Build a URL-dedup component for a crawler: before "fetching," check the Bloom filter; if "new," fetch and record. Feed a stream with many repeats and measure (a) duplicate fetches avoided and (b) unique URLs wrongly skipped due to false positives. Tune m, k so wrongly-skipped stays under 0.5%.
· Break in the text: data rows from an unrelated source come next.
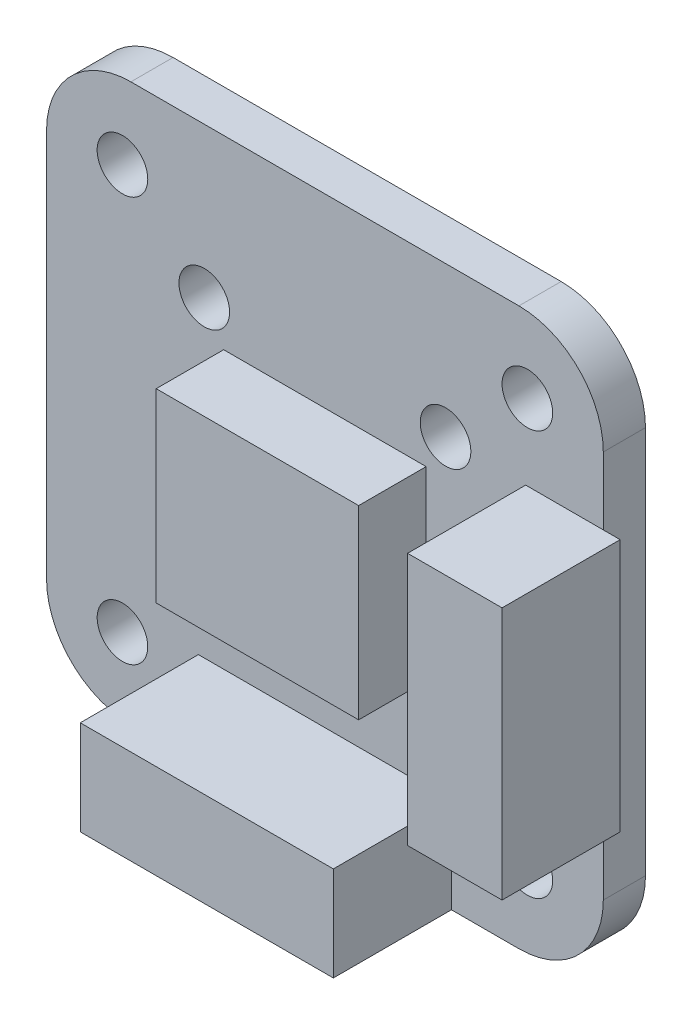
from build123d import *

# Parameters (mm, degrees)
SKETCH1_W           = 33
SKETCH1_H           = 33
SKETCH1_R           = 1.5
BOSS_EXTRUDE1_DEPTH = 2.5
FILLET1_R           = 5
SKETCH2_W           = 15
SKETCH2_H           = 5.6
SKETCH2_W_2         = 5.6
SKETCH2_H_2         = 15
BOSS_EXTRUDE2_DEPTH = 7
SKETCH3_W           = 12
SKETCH3_H           = 11
BOSS_EXTRUDE3_DEPTH = 4


with BuildPart() as part:
    # Sketch1 → Boss-Extrude1 (new body)
    with BuildSketch(Plane.XY):
        with Locations((-3.4417913, -5.340458015)):
            Rectangle(SKETCH1_W, SKETCH1_H)
        with Locations((-15.4417913, 6.659541985)):
            Circle(SKETCH1_R, mode=Mode.SUBTRACT)
        with Locations(Location((8.5582087, 6.659541985, 0), (0, 0, 180))):
            Circle(SKETCH1_R, mode=Mode.SUBTRACT)
        with Locations(Location((-15.4417913, -17.340458015, 0), (0, 0, 180))):
            Circle(SKETCH1_R, mode=Mode.SUBTRACT)
        with Locations((8.5582087, -17.340458015)):
            Circle(SKETCH1_R, mode=Mode.SUBTRACT)
        with Locations((-10.5917913, -12.940458015)):
            Circle(SKETCH1_R, mode=Mode.SUBTRACT)
        with Locations(Location((3.7082087, -12.940458015, 0), (0, 0, 180))):
            Circle(SKETCH1_R, mode=Mode.SUBTRACT)
        with Locations(Location((-10.5917913, 2.259541985, 0), (0, 0, 180))):
            Circle(SKETCH1_R, mode=Mode.SUBTRACT)
        with Locations((3.7082087, 2.259541985)):
            Circle(SKETCH1_R, mode=Mode.SUBTRACT)
    extrude(amount=BOSS_EXTRUDE1_DEPTH)

    # Fillet1
    fillet1_edges = [part.edges().sort_by_distance(p)[0] for p in [
        (-19.9417913, 11.159541985, 1.25),
        (13.0582087, 11.159541985, 1.25),
        (13.0582087, -21.840458015, 1.25),
        (-19.9417913, -21.840458015, 1.25),
    ]]
    fillet(fillet1_edges, radius=FILLET1_R)

    # Sketch2 → Boss-Extrude2 (add)
    with BuildSketch(Plane.XY.offset(2.5)):
        with Locations((-3.4417913, -19.040458015)):
            Rectangle(SKETCH2_W, SKETCH2_H)
        with Locations((11.2582087, -5.340458015)):
            Rectangle(SKETCH2_W_2, SKETCH2_H_2)
    extrude(amount=BOSS_EXTRUDE2_DEPTH)

    # Sketch3 → Boss-Extrude3 (add)
    with BuildSketch(Plane.XY.offset(2.5)):
        with Locations((-3.4417913, -5.340458015)):
            Rectangle(SKETCH3_W, SKETCH3_H)
    extrude(amount=BOSS_EXTRUDE3_DEPTH)


solid = part.part
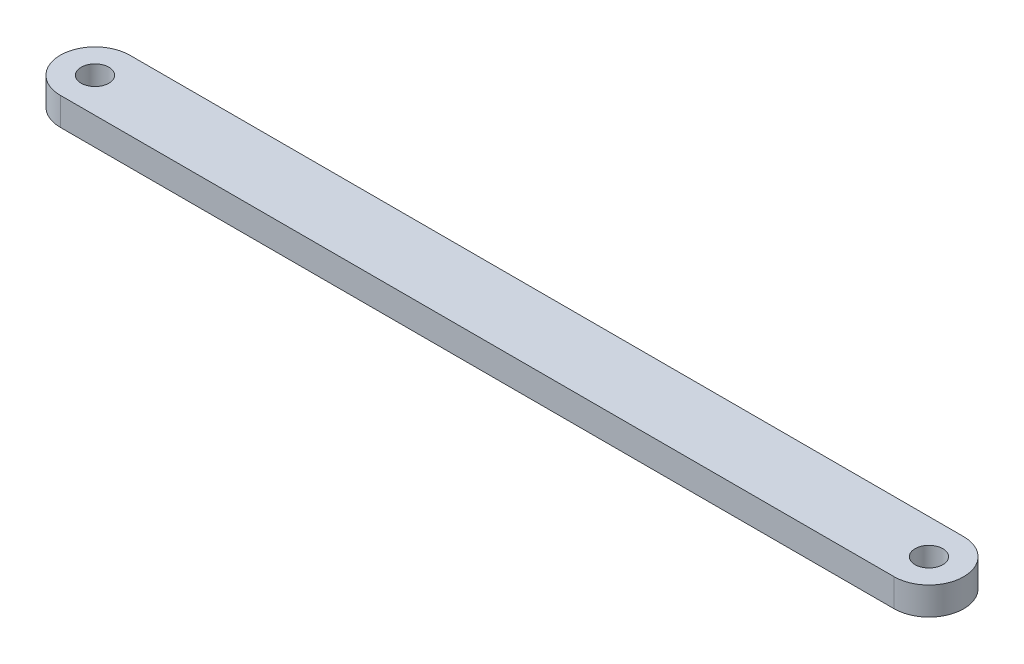
from build123d import *

# Parameters (mm, degrees)
SKETCH1_R           = 1
BOSS_EXTRUDE1_DEPTH = 2


with BuildPart() as part:
    # Sketch1 → Boss-Extrude1 (new body)
    with BuildSketch(Plane(origin=(0, 0, 0), x_dir=(1, 0, 0), z_dir=(0, 1, 0))):
        with BuildLine():
            Line((-10, 2.5), (50, 2.5))
            ThreePointArc((50, 2.5), (52.5, 0), (50, -2.5))
            Line((50, -2.5), (-10, -2.5))
            ThreePointArc((-10, -2.5), (-12.5, 0), (-10, 2.5))
        make_face()
        with Locations(Location((50, 0, 0), (0, 0, 270))):
            Circle(SKETCH1_R, mode=Mode.SUBTRACT)
        with Locations(Location((-10, 0, 0), (0, 0, 270))):
            Circle(SKETCH1_R, mode=Mode.SUBTRACT)
    extrude(amount=BOSS_EXTRUDE1_DEPTH)


solid = part.part
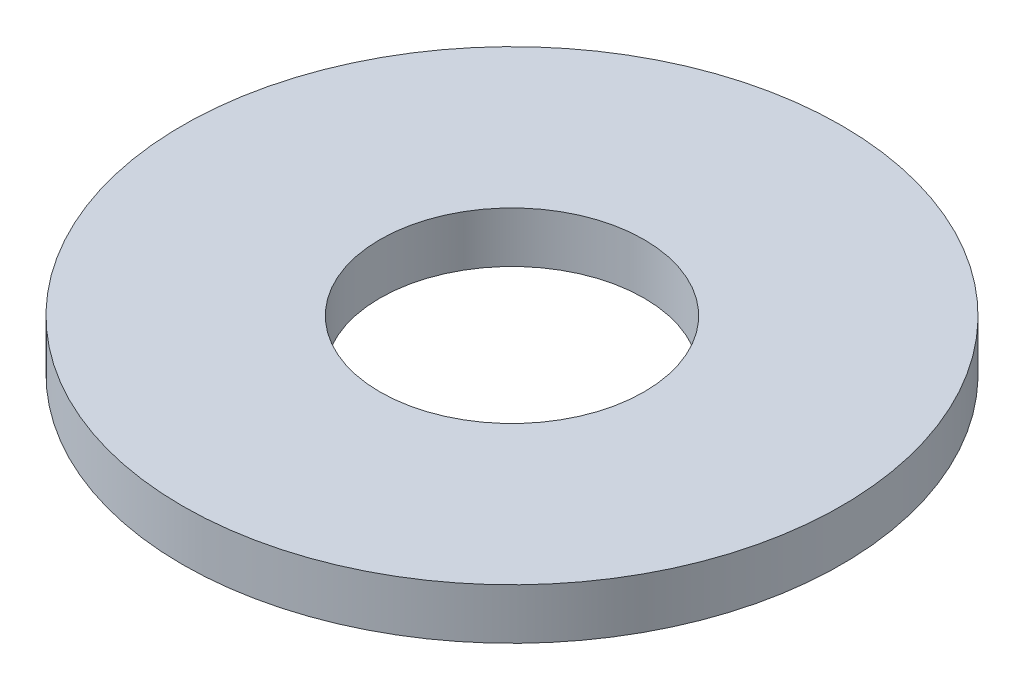
from build123d import *

# Parameters (mm, degrees)
SKETCH1_R           = 3.9624
SKETCH1_R_2         = 1.5875
BOSS_EXTRUDE1_DEPTH = 0.6096


with BuildPart() as part:
    # Sketch1 → Boss-Extrude1 (new body)
    with BuildSketch(Plane(origin=(0, 0, 0), x_dir=(1, 0, 0), z_dir=(0, 1, 0))):
        with Locations(Location((0, 0, 0), (0, 0, 270))):
            Circle(SKETCH1_R)
        with Locations(Location((0, 0, 0), (0, 0, 270))):
            Circle(SKETCH1_R_2, mode=Mode.SUBTRACT)
    extrude(amount=BOSS_EXTRUDE1_DEPTH)


solid = part.part

  • Constraints: stream processing; track both metrics.
  • Expected: near-100% duplicate suppression, <0.5% wrongful skips.
  • Evaluation: dedup effectiveness, FPR control, realistic design.

Benchmark Task

Compare insert and query throughput, and observed FPR, across all 3 languages for a filter sized at n = 1,000,000, p = 0.01.

Go

package main

import (
    "fmt"
    "time"
)

func main() {
    n := 1000000
    // b := New(n, 0.01)   // your sized constructor
    start := time.Now()
    for i := 0; i < n; i++ {
        // b.Add(fmt.Sprintf("k-%d", i))
        _ = i
    }
    fmt.Printf("inserts of %d in %v\n", n, time.Since(start))
}

Java

public class Benchmark {
    public static void main(String[] args) {
        int n = 1_000_000;
        // Bloom b = new Bloom(n, 0.01);
        long start = System.nanoTime();
        for (int i = 0; i < n; i++) {
            // b.add("k-" + i);
        }
        System.out.printf("inserts of %d in %d ms%n", n, (System.nanoTime() - start) / 1_000_000);
    }
}

Python

import time

n = 1_000_000
# b = Bloom(n, 0.01)
start = time.perf_counter()
for i in range(n):
    # b.add(f"k-{i}")
    pass
print(f"inserts of {n} in {time.perf_counter() - start:.3f}s")

Report a table of language → insert ms → query ms → observed FPR. Note where each language's hashing/allocation dominates, and whether the observed FPR matches the analytic ~1%.